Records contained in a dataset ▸
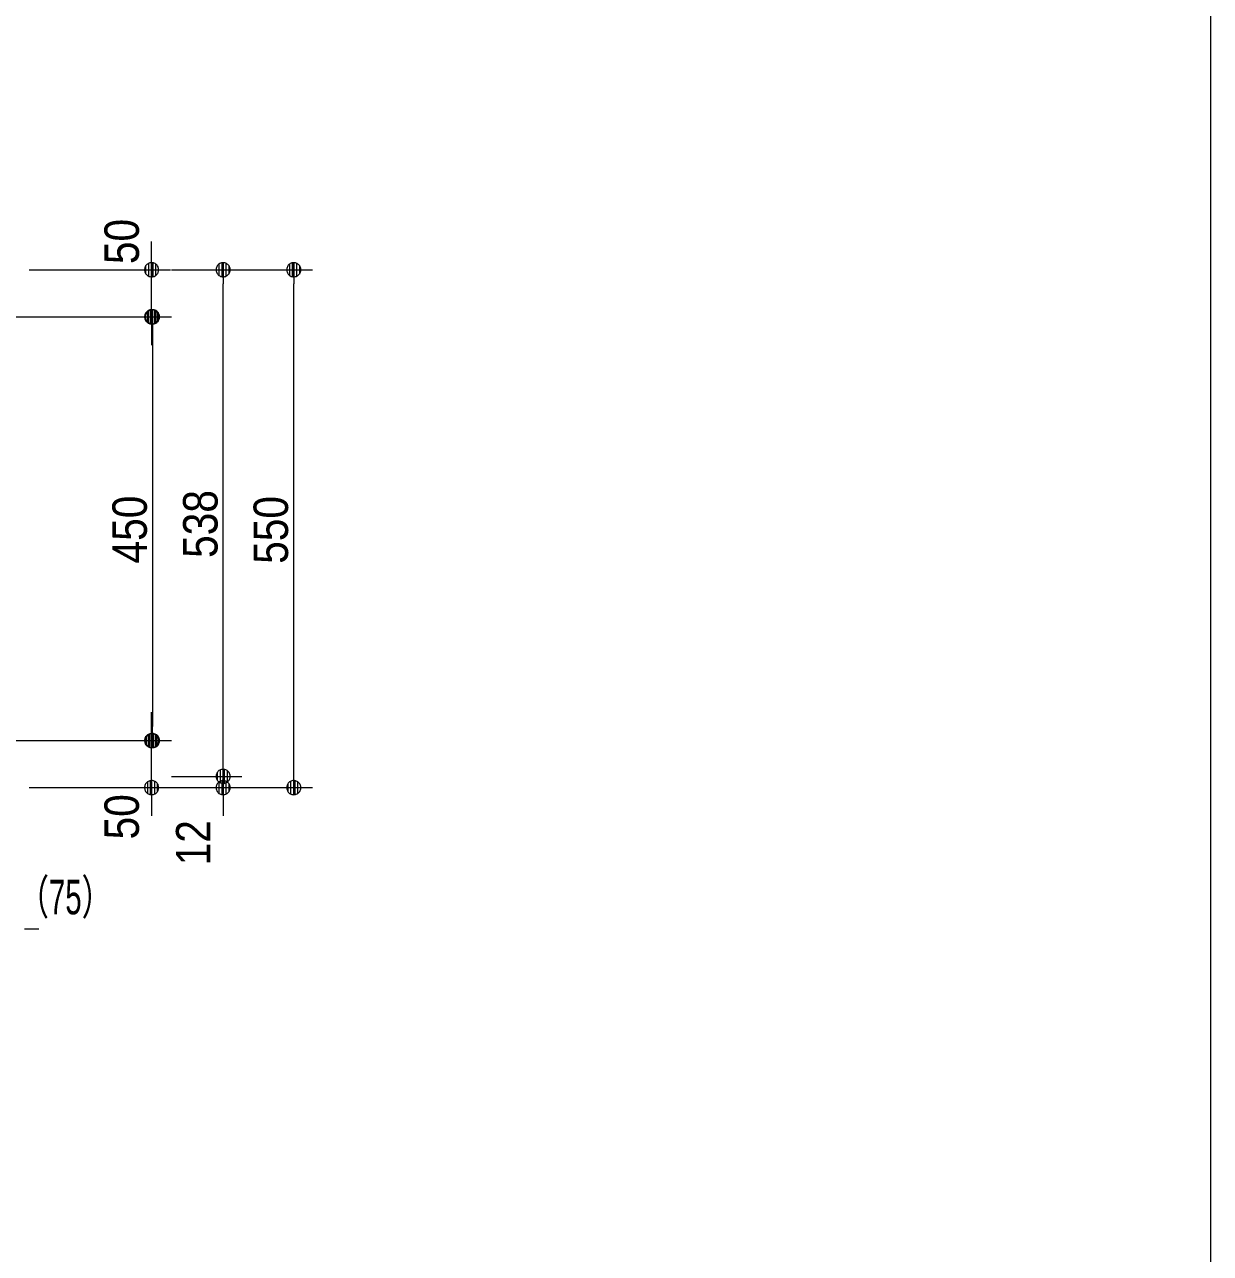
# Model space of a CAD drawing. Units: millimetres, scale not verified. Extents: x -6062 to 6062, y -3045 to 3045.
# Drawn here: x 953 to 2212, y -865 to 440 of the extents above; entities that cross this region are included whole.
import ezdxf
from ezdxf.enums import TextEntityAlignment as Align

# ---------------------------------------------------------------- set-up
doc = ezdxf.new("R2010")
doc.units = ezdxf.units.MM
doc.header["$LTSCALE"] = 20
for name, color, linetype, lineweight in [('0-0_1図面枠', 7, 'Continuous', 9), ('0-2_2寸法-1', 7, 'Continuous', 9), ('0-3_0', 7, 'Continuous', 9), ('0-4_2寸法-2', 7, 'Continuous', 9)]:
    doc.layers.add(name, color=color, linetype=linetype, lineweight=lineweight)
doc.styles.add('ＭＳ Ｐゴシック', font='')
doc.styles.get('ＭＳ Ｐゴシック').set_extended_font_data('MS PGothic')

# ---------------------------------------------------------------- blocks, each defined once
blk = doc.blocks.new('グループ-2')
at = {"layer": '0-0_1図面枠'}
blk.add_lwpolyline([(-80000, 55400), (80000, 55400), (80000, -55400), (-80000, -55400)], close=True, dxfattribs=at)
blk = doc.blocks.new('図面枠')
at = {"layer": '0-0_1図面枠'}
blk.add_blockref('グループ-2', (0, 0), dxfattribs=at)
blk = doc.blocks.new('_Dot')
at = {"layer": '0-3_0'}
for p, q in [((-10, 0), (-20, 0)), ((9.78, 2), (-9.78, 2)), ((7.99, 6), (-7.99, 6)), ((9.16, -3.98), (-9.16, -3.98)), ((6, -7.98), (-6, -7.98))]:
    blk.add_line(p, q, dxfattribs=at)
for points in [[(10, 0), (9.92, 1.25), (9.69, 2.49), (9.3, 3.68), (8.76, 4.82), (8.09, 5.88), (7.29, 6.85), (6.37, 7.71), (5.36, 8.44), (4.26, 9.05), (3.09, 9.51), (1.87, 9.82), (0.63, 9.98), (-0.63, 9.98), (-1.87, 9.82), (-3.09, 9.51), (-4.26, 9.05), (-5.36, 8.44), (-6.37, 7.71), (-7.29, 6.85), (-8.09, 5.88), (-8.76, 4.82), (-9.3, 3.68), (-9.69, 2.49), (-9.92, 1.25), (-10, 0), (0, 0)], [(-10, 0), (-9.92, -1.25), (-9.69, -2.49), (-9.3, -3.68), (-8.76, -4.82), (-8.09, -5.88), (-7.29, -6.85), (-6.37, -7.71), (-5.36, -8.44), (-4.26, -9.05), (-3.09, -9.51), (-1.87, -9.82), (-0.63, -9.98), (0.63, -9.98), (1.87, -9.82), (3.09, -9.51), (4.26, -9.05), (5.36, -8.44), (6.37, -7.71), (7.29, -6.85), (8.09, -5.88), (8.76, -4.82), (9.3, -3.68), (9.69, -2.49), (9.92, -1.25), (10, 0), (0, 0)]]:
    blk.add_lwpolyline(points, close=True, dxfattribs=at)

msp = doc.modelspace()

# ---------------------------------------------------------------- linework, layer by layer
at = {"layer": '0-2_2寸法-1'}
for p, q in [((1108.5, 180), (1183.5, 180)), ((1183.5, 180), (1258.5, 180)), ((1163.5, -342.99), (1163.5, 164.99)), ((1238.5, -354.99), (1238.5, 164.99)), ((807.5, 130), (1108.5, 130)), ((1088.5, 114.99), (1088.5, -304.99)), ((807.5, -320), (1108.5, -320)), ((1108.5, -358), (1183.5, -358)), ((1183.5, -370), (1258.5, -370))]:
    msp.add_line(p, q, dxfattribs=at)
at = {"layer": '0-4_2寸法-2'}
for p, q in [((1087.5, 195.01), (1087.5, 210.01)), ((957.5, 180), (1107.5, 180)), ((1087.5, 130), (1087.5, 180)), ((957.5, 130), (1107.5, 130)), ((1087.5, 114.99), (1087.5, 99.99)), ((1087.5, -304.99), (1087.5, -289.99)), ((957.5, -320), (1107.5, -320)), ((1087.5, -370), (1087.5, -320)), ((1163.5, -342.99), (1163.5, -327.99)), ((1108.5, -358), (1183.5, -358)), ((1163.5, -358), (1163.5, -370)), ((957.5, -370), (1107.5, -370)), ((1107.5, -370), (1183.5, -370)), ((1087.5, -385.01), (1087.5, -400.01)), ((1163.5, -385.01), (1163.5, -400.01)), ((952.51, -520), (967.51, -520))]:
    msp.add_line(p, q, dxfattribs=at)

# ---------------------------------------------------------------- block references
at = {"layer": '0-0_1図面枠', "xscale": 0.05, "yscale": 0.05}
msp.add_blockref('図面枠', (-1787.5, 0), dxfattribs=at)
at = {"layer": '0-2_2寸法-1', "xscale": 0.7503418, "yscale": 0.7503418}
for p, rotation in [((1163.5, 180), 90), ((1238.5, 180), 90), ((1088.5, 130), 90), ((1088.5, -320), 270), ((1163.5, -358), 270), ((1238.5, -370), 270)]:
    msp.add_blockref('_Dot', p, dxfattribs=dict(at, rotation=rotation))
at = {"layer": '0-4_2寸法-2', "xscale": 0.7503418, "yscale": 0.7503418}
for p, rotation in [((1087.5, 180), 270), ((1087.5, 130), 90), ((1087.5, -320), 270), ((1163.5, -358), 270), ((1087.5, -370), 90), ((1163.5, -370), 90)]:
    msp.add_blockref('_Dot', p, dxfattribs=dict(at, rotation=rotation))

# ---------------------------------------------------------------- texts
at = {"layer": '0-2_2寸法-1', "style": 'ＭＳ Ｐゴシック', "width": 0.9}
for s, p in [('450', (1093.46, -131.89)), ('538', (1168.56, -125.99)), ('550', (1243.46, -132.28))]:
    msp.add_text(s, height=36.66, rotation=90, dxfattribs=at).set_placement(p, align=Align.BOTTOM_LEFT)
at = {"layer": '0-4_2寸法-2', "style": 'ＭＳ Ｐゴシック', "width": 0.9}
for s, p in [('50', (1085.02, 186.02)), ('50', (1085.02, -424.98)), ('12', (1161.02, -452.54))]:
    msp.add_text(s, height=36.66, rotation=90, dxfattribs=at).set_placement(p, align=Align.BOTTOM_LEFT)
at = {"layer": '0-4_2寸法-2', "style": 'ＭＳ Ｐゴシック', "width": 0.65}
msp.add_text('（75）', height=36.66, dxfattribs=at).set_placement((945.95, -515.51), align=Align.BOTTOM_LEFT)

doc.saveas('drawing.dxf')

Problem ▸ Reproduce, character for character, only the lines of the preceding data that start at the line with "blk = doc.blocks.new('図面枠')" and end at the line with "blk.add_line(p, q, dxfattribs=at)", both included.

The completed task ▸
blk = doc.blocks.new('図面枠')
at = {"layer": '0-0_1図面枠'}
blk.add_blockref('グループ-2', (0, 0), dxfattribs=at)
blk = doc.blocks.new('_Dot')
at = {"layer": '0-3_0'}
for p, q in [((-10, 0), (-20, 0)), ((9.78, 2), (-9.78, 2)), ((7.99, 6), (-7.99, 6)), ((9.16, -3.98), (-9.16, -3.98)), ((6, -7.98), (-6, -7.98))]:
    blk.add_line(p, q, dxfattribs=at)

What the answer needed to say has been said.